2019-01-03 00:00:00 | 787777 |

2019-01-04 00:00:00 | 787777 |

2019-01-05 00:00:00 | 787777 |

### Holt’s Linear Trend Method (HLT)

This method extends SES by adding another smoothing factor to capture the linear trend in the data.

The forecast and trend formulas for HLT are given by:

$$F_{t+1} = L_t + b_t$$

$$L_{t} = \alpha Y_t + (1 - \alpha)(L_{t-1} + b_{t-1})$$

$$b_t = \beta(L_{t} - L_{t-1}) + (1 - \beta)b_{t-1}$$

Where $F_t$ is the forecast for period $t$, $Y_t$ is the actual observation for period $t$, $L_t$ is the level at period $t$, $b_t$ is the trend at period $t$, $\alpha$ is the level smoothing factor ($0 \leq \alpha \leq 1$), and $\beta$ is the trend smoothing factor ($0 \leq \beta \leq 1$).

The code is very similar to the previous model:

```
hlt_model = Holt(train_single_ts).fit()
hlt_forecast = hlt_model.forecast(steps=h)
e = wmape(valid_single_ts, hlt_forecast)
print(f"HLT WMAPE: {e}")
```

### Holt-Winters Exponential Smoothing (HWES)

This method further extends HLT by incorporating a third smoothing factor to handle seasonality in the data, similar to the Holt-Winters model we trained with StatsForecast.
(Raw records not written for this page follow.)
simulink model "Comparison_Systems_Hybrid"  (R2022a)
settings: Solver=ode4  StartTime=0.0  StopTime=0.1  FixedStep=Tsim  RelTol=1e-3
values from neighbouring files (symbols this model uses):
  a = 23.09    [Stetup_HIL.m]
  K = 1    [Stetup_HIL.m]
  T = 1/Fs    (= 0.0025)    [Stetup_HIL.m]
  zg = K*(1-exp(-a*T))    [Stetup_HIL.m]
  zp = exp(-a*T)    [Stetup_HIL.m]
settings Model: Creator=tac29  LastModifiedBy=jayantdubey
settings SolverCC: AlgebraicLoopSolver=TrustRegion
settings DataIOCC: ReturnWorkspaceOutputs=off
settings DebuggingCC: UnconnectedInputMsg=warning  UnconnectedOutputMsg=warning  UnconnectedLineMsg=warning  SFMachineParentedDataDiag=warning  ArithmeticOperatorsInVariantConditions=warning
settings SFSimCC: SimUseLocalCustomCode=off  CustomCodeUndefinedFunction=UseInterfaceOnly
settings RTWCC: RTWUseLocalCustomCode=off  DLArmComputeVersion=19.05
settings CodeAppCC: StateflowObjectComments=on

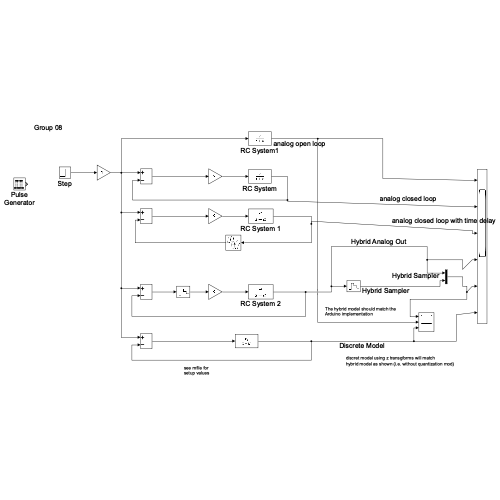
[thumbnail: Simulink's stored preview of the top-level diagram]
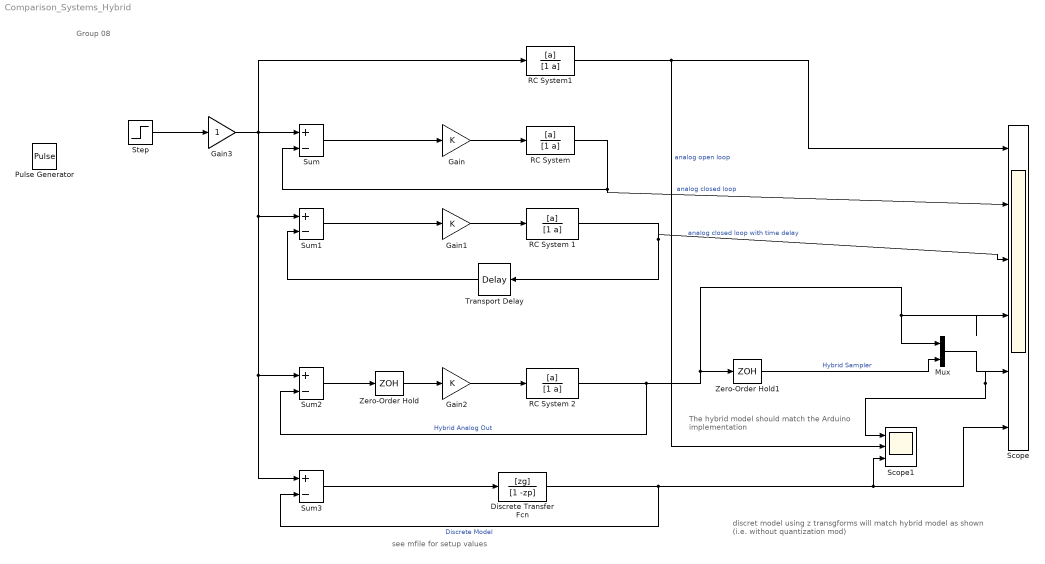
== system Comparison_Systems_Hybrid ==
  note: see mfile for
      | setup values
  note: The hybrid model should match the
      | Arduino implementation
  note: discret model using z transgforms will match
      | hybrid model as shown (i.e. without quantization mod)
  note: Group 08
  Discrete Transfer Fcn : DiscreteTransferFcn  Numerator=[zg]  Denominator=[1 -zp]  SampleTime=T
  Gain : Gain  Gain=K
  Gain1 : Gain  Gain=K
  Gain2 : Gain  Gain=K
  Gain3 : Gain
  Mux : Mux  Inputs=2
  Pulse Generator : DiscretePulseGenerator  Amplitude=10  Period=1000  PulseWidth=10
  RC System : TransferFcn  Numerator=[a]  Denominator=[1 a]
  RC System 1 : TransferFcn  Numerator=[a]  Denominator=[1 a]
  RC System 2 : TransferFcn  Numerator=[a]  Denominator=[1 a]
  RC System1 : TransferFcn  Numerator=[a]  Denominator=[1 a]
  Scope : Scope  NumInputPorts=6
  Scope1 : Scope  NumInputPorts=3
  Step : Step  Time=.01  SampleTime=0
  Sum{,1..3} (4 alike) : Sum  Inputs=+-
  Transport Delay : TransportDelay  DelayTime=T
  Zero-Order Hold : ZeroOrderHold  SampleTime=T
  Zero-Order Hold1 : ZeroOrderHold  SampleTime=T
  wires:
  RC System/1 -> Sum/2, Scope/2  "analog closed loop"
  Sum/1 -> Gain/1
  Gain/1 -> RC System/1
  Sum1/1 -> Gain1/1
  Gain1/1 -> RC System 1/1
  RC System 1/1 -> Transport Delay/1, Scope/3  "analog closed loop with time delay"
  Transport Delay/1 -> Sum1/2
  RC System 2/1 -> Sum2/2, Scope/4, Mux/1, Zero-Order Hold1/1  "Hybrid Analog Out"
  Gain2/1 -> RC System 2/1
  Zero-Order Hold/1 -> Gain2/1
  Sum3/1 -> Discrete Transfer Fcn/1
  Discrete Transfer Fcn/1 -> Sum3/2, Scope/6, Scope1/3  "Discrete Model"
  Gain3/1 -> RC System1/1, Sum3/1, Sum2/1, Sum1/1, Sum/1
  Mux/1 -> Scope1/1, Scope/5
  Zero-Order Hold1/1 -> Mux/2  "Hybrid Sampler"
  Sum2/1 -> Zero-Order Hold/1
  RC System1/1 -> Scope/1, Scope1/2  "analog open loop"
  Step/1 -> Gain3/1

The single step forecast formula for the additive HWES model is given by: $$F_{t+1} = L_t + b_t + S_{t - m + 1}$$

The level formula: $$L_t = \alpha (Y_t - S_{t-m}) + (1 - \alpha)(L_{t-1} + b_{t-1})$$

The trend formula: $$b_t = \beta (L_t - L_{t-1}) + (1 - \beta)b_{t-1}$$

The seasonal formula:: $$S_t = \gamma (Y_t - L_t) + (1 - \gamma)S_{t-m}$$

Where:

- $F_{t+1}$ is the forecast for period $t + 1$
- $Y_t$ is the actual observation for period $t$
- $L_t$ is the level at period $t$
- $b_t$ is the trend at period $t$
- $S_t$ is the seasonal component at period $t$
- $m$ is the number of periods in a seasonal cycle
- $\alpha$, $\beta$, and $\gamma$ are the level, trend, and seasonal smoothing factors with values between 0 and 1 ($0 \leq \alpha, \beta, \gamma \leq 1$)

```
hwes_model = ExponentialSmoothing(train_single_ts, seasonal='add', seasonal_periods=7).fit()
hwes_forecast = hwes_model.forecast(steps=h)
e = wmape(valid_single_ts, hwes_forecast)
print(f"HWES WMAPE: {e}")
```

Like in StatsForecast, we can set the `seasonal`

parameter to `add`

or `mul`

to use additive or multiplicative seasonality, and the `seasonal_periods`

parameter to the length of the season.

As you can see in the plot, seasonality is essential for this time series, so the last model is clearly the best.